ガリア
「ちょっと待って! 私は無関係だ。北の砂漠地帯なんて、まっぴらごめん。私を色々と巻き込まないで欲しい」
パリノーは焦って必死な声で、我々に訴えた。
「ここまで助けたのならば、査察官として最後まで面倒を見ないと無責任だと思う。中途半端はいただけない。バイク用のガソリンを手に入れるか、私を南のオーミマイバラ市まで安全に送り届けるべきでしょう」
パリノーの言う事も、もっともだ。彼女はたまたま一緒になっただけで、危険な狩りに付き合わせるのは論外。廃墟のオーミナガハマ市に置いて行く訳にもいかないだろう。
スケさんが色々考えて説明した。
「ではガソリンのありそうな場所を探しましょう。市役所前のガソリンスタンドの跡地なんか有望よ、それでどうかしら。その後どうするか話し合いで決めましょう。あなたが言う通りオーミマイバラ市まで行けば、KR線の列車が通っているので、安全に各コロニー都市まで帰れるはずよ」
バイクを三人がかりでスタリオンに括り付けた後、市役所跡に向けて瓦礫の道を縫うように走らせた。
……陽が落ちていたらヤバかったね、パリノーさん。
ガソリンスタンドを目指して元オーミナガハマ市役所前まで来た時、前方に何かが積み上げられていた。ポンコツ車数台、洗濯機、机、建材などのゴミが誰かによってうず高く集められ、道路を占有していたのだ。アディーがナビゲーションをしてくれていたが、手元の携帯端末と見比べて首を傾げた。
「ちょっと迂回して行きましょうか……」
スピードを落とした時、割れたアスファルトの隙間に設置されていた手製の地雷が爆発した。
「きゃあああああああ!」
凄まじい爆音と煙とともに車体が衝撃で揺れたが、無論スタリオン高機動車はビクともしない。
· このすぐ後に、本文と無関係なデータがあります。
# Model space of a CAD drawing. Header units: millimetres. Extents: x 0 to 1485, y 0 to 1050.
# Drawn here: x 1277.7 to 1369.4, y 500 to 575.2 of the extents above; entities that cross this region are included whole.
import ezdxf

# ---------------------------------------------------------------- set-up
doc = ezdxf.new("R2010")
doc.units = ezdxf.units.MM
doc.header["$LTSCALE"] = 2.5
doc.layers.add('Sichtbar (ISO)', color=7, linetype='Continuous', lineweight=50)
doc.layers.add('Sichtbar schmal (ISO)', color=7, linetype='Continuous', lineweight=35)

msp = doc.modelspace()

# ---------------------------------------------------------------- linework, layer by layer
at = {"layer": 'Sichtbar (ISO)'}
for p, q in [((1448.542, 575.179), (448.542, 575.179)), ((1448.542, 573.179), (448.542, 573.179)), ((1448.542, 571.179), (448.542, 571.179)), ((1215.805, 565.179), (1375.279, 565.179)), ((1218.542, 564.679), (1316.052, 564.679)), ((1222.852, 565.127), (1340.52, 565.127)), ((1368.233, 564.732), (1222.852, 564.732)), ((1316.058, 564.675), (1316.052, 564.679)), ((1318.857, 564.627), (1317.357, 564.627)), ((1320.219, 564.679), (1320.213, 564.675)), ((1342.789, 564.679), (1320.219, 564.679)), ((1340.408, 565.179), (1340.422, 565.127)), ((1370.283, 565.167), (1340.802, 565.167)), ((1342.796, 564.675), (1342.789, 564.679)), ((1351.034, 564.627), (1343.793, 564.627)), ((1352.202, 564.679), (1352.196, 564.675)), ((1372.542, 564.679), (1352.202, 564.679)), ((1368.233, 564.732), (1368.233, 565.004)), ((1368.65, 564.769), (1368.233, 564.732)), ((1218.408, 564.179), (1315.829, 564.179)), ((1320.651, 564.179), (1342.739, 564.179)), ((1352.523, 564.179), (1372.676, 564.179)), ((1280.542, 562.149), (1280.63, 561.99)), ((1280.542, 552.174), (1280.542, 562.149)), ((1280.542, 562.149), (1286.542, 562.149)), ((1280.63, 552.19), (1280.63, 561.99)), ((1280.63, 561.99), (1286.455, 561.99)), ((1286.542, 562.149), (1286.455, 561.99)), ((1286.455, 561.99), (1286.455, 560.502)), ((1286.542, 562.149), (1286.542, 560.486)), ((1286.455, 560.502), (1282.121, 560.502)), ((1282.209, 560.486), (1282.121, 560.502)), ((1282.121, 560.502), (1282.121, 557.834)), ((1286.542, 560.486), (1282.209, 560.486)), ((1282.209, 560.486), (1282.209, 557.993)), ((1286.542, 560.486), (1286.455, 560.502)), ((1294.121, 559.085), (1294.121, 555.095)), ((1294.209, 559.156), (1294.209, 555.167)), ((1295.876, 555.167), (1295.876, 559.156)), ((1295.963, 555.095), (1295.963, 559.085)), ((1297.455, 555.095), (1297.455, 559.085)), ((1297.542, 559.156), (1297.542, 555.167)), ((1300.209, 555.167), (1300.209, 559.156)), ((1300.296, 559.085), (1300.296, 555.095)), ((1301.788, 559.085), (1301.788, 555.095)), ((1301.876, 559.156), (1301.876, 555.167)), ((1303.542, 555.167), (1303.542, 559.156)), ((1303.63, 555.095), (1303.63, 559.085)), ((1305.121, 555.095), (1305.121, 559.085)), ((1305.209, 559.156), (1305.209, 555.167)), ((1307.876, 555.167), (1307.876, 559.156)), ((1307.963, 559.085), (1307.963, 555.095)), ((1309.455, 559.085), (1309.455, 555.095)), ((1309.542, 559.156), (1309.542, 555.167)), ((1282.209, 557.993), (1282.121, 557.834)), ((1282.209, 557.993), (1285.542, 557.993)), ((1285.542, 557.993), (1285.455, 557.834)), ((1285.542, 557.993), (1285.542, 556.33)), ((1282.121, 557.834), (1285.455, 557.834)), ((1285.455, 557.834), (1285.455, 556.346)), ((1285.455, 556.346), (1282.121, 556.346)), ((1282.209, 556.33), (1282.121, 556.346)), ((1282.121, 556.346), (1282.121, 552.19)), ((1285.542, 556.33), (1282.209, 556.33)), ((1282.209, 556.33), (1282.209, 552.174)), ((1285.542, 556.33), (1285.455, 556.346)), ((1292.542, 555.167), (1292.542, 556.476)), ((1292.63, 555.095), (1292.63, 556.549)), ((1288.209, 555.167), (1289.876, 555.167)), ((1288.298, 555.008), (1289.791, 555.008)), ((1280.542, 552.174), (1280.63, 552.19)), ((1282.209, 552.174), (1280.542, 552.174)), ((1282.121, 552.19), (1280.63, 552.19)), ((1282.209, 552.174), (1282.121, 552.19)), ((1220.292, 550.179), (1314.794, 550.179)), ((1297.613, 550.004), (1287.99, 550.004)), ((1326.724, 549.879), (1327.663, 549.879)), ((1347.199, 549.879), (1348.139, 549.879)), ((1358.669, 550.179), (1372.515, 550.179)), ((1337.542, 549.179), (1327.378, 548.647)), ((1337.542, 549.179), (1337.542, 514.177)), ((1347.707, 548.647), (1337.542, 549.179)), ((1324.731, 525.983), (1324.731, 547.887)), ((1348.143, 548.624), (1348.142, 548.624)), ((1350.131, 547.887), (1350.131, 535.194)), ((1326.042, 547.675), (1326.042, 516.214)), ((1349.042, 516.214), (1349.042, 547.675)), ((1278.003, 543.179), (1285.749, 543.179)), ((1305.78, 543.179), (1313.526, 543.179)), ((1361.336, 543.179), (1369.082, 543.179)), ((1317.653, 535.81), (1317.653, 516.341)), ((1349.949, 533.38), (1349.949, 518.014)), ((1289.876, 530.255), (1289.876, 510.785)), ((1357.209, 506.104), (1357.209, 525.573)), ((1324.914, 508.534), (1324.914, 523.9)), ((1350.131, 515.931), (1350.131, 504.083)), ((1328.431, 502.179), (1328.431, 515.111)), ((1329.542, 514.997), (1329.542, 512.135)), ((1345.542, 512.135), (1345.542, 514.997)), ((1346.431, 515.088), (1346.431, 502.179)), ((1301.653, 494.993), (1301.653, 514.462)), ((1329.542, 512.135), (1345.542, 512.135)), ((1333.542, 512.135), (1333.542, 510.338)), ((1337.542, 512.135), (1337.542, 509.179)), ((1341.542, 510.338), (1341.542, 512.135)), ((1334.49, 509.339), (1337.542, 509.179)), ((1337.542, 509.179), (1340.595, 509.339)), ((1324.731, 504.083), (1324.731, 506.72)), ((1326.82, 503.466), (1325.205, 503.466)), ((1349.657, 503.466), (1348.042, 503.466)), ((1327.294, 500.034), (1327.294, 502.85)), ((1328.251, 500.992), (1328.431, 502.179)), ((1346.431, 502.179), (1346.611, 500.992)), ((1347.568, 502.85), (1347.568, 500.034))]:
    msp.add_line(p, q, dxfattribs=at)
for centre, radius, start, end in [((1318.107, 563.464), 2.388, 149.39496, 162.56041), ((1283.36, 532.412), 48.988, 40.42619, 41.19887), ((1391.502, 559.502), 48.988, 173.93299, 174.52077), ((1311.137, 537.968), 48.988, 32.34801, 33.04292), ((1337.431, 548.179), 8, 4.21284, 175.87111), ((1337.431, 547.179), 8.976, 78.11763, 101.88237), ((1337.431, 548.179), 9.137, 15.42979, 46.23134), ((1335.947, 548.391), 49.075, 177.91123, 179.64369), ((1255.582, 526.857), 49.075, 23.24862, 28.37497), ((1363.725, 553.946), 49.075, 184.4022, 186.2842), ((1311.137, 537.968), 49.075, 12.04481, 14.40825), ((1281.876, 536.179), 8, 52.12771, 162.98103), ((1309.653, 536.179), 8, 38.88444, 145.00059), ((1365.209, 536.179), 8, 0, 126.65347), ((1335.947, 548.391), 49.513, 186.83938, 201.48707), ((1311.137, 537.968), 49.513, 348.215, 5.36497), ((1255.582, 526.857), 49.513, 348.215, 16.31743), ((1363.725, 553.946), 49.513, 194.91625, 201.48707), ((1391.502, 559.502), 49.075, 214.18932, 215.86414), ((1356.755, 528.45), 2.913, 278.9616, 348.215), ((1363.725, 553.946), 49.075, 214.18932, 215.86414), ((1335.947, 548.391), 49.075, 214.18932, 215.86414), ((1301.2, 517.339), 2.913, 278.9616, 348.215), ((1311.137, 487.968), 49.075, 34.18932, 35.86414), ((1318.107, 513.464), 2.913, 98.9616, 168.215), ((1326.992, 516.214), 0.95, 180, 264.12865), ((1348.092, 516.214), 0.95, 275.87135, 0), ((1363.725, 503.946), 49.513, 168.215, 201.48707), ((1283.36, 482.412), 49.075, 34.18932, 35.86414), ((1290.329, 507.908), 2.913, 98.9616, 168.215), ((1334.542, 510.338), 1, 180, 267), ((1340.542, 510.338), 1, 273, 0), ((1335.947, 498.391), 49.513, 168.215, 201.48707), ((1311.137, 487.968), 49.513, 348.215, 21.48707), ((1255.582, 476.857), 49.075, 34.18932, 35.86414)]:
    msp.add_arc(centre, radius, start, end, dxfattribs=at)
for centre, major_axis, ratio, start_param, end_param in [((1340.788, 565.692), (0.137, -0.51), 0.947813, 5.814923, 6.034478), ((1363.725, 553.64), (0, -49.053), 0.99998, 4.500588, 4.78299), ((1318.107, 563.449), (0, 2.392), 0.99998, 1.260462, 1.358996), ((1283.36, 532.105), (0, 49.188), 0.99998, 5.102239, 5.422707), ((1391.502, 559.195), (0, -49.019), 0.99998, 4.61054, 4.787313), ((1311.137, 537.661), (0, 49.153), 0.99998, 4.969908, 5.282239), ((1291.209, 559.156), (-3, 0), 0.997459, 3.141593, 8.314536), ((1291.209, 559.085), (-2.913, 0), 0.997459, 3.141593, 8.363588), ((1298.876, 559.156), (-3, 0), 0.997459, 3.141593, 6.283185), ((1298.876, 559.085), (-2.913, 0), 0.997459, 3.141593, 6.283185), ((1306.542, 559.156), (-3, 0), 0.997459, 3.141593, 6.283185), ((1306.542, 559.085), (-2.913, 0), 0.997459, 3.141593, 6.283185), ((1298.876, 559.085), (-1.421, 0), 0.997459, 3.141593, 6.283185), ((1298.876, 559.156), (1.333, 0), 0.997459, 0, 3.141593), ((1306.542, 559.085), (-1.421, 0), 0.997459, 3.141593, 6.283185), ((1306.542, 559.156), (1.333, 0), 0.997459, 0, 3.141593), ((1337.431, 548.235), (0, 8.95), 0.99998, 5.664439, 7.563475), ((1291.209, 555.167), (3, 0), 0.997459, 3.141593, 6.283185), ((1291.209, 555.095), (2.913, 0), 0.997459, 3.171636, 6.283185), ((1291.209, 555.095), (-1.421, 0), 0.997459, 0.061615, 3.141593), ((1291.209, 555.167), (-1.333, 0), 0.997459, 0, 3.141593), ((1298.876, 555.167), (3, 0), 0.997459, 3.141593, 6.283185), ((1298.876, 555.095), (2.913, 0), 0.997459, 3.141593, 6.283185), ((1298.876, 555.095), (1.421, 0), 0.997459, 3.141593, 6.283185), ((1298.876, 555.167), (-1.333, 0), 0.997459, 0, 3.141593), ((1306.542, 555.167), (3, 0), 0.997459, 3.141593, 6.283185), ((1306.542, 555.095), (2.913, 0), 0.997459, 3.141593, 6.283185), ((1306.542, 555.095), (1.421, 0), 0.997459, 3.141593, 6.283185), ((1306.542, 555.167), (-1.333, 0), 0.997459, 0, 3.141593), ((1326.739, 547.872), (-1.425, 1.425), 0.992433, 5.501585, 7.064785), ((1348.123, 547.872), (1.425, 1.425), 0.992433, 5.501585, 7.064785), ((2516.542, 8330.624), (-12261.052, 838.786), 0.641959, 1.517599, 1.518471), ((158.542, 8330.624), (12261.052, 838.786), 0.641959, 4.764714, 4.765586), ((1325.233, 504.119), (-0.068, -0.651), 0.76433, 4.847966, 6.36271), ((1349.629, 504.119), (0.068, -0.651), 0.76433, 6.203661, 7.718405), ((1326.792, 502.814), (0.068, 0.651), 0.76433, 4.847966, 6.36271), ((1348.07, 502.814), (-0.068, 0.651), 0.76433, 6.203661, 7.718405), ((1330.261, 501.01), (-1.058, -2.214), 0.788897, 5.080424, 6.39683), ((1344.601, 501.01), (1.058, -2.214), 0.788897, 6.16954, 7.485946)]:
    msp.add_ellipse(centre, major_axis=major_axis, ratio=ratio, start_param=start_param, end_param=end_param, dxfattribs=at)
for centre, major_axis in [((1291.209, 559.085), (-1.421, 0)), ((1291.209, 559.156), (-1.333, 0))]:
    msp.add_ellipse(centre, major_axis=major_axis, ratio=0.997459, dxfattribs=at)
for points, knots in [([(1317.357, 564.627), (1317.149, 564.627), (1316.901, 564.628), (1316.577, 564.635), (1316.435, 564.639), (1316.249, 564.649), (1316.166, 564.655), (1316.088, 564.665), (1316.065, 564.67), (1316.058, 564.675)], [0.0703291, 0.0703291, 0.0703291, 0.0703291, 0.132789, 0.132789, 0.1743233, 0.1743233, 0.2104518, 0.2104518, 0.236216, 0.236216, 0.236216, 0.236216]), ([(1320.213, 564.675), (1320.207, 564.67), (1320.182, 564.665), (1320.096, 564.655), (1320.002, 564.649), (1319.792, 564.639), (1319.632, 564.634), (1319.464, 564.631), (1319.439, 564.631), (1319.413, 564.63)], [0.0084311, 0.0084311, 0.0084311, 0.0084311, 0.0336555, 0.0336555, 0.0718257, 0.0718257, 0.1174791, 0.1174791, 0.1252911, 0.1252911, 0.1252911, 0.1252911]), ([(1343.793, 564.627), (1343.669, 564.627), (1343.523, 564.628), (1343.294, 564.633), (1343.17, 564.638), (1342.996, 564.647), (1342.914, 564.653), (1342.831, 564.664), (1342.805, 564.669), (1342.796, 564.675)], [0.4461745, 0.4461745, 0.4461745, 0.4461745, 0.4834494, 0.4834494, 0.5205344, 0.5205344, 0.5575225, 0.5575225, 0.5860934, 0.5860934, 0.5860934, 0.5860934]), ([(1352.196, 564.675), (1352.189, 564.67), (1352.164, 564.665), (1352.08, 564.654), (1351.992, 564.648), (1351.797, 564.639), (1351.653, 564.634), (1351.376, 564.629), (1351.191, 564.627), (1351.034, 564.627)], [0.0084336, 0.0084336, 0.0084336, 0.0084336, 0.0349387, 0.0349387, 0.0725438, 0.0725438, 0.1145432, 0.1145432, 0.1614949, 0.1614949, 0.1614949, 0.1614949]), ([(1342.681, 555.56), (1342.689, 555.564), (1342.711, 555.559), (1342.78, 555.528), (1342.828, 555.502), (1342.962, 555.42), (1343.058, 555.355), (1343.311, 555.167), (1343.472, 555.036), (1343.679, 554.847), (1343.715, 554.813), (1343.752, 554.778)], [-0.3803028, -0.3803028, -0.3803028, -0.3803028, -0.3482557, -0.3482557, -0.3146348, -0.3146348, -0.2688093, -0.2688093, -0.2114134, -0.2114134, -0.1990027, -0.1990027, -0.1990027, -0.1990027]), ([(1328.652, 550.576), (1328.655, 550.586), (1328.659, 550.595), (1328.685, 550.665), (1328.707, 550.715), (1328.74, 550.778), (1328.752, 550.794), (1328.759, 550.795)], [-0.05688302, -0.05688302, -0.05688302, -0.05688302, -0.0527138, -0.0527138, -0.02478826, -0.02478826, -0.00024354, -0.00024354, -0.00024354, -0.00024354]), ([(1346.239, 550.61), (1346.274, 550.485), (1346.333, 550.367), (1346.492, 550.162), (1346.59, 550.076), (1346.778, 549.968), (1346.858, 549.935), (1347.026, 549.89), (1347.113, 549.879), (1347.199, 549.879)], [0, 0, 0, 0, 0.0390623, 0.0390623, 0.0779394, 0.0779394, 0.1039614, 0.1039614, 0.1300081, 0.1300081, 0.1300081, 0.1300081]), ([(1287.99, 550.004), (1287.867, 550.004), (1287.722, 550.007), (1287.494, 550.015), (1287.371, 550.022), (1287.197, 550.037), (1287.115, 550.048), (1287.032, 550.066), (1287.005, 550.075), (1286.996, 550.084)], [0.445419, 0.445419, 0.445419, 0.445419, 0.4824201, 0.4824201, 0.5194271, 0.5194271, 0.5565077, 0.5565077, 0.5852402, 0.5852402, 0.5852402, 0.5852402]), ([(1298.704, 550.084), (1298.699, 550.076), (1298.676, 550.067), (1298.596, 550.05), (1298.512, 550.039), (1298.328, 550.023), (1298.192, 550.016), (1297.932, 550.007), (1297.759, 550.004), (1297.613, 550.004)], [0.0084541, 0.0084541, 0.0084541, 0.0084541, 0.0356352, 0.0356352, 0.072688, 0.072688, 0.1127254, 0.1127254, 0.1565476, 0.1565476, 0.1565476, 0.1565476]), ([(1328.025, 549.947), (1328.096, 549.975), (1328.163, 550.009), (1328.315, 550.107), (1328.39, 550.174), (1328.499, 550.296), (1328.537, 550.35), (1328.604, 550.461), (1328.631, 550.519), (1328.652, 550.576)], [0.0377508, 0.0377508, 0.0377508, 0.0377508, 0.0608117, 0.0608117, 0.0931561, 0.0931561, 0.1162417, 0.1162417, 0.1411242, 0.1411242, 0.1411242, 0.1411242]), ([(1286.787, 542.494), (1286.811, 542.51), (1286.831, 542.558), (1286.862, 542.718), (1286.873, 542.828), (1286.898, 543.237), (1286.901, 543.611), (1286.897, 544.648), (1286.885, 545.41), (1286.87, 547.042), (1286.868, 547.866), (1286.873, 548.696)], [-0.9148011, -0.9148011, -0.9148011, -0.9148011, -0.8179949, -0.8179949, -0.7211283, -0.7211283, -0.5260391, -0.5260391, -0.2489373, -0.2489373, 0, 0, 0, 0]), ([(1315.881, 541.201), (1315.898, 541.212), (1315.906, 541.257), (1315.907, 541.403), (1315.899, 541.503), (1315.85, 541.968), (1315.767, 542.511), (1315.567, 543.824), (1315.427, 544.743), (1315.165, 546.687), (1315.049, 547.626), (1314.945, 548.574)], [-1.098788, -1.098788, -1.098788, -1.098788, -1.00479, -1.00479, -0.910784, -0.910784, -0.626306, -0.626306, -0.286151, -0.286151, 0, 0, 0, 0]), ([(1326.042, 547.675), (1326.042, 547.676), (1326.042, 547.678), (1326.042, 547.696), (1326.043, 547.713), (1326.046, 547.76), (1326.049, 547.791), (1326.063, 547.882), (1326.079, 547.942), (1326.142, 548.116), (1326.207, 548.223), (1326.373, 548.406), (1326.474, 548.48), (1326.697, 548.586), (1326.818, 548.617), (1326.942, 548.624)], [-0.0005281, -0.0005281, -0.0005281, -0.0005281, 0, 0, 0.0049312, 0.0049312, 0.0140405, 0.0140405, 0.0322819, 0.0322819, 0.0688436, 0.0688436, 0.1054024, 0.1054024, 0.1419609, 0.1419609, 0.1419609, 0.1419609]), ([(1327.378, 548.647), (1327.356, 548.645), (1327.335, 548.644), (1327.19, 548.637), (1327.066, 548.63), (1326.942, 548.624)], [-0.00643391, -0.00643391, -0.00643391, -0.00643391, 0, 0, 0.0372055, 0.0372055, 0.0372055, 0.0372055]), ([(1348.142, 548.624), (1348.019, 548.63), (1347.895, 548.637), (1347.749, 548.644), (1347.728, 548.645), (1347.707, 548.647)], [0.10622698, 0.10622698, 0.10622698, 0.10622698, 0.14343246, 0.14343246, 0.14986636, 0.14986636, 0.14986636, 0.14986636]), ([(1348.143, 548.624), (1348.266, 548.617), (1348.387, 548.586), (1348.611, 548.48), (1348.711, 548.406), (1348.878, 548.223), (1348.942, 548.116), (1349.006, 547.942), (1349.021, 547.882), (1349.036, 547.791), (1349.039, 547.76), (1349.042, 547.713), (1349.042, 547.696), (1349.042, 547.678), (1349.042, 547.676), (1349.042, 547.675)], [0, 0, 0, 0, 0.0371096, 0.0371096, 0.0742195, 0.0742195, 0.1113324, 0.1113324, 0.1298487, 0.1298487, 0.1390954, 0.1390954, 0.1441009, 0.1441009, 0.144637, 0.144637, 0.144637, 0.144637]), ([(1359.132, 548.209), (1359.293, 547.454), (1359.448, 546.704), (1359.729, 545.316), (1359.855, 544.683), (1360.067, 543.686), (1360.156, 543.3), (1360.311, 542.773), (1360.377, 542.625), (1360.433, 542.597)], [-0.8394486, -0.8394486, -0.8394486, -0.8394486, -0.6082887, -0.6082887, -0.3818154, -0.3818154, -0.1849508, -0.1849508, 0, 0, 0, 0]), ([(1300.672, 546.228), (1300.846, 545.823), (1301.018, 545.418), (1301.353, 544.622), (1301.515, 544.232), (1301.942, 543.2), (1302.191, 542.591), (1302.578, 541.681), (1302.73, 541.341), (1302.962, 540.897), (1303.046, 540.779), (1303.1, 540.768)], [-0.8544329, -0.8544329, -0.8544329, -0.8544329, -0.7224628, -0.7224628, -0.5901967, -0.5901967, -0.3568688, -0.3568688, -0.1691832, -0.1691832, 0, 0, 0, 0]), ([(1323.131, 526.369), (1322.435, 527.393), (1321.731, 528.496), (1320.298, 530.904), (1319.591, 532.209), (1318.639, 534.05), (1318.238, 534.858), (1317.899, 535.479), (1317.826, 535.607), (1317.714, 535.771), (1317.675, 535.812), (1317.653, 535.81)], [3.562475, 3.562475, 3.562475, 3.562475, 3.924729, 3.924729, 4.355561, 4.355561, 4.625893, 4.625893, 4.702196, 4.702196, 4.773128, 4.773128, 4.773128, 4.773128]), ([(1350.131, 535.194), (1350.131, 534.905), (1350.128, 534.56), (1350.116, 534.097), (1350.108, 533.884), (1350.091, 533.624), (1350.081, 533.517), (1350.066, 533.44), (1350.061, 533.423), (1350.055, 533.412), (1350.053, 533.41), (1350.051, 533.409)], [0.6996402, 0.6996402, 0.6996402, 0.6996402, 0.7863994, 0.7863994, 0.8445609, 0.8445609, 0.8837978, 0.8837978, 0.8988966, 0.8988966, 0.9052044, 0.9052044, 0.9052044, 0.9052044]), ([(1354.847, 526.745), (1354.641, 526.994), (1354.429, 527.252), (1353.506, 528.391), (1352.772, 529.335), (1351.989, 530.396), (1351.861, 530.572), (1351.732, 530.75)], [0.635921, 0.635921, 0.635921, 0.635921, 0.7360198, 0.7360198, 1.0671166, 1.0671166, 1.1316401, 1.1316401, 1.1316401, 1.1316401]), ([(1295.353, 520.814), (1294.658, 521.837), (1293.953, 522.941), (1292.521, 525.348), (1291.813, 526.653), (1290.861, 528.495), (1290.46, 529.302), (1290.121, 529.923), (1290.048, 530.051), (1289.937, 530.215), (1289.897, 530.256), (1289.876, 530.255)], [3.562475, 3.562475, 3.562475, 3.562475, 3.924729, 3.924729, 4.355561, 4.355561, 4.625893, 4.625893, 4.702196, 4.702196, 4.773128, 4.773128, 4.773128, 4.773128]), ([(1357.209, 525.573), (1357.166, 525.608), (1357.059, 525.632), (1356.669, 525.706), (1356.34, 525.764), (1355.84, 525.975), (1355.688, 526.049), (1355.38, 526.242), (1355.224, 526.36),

シュレムが後部ドアを開けて飛び出そうとしたが、すんでの所で制止した。
「今は出るんじゃない!」
スタリオンの装甲シャッターを全周閉じて防御態勢に入った。
「何なの? 何が起こったのよ~」
座席から落っこちたパリノーが僕の首に両腕を巻きつける。ぐえ、今はちょっと止めてくれよ。
外部視察モニターで周囲の状況を把握する。まだ爆発の煙や塵が舞い上がって何も見えなかった。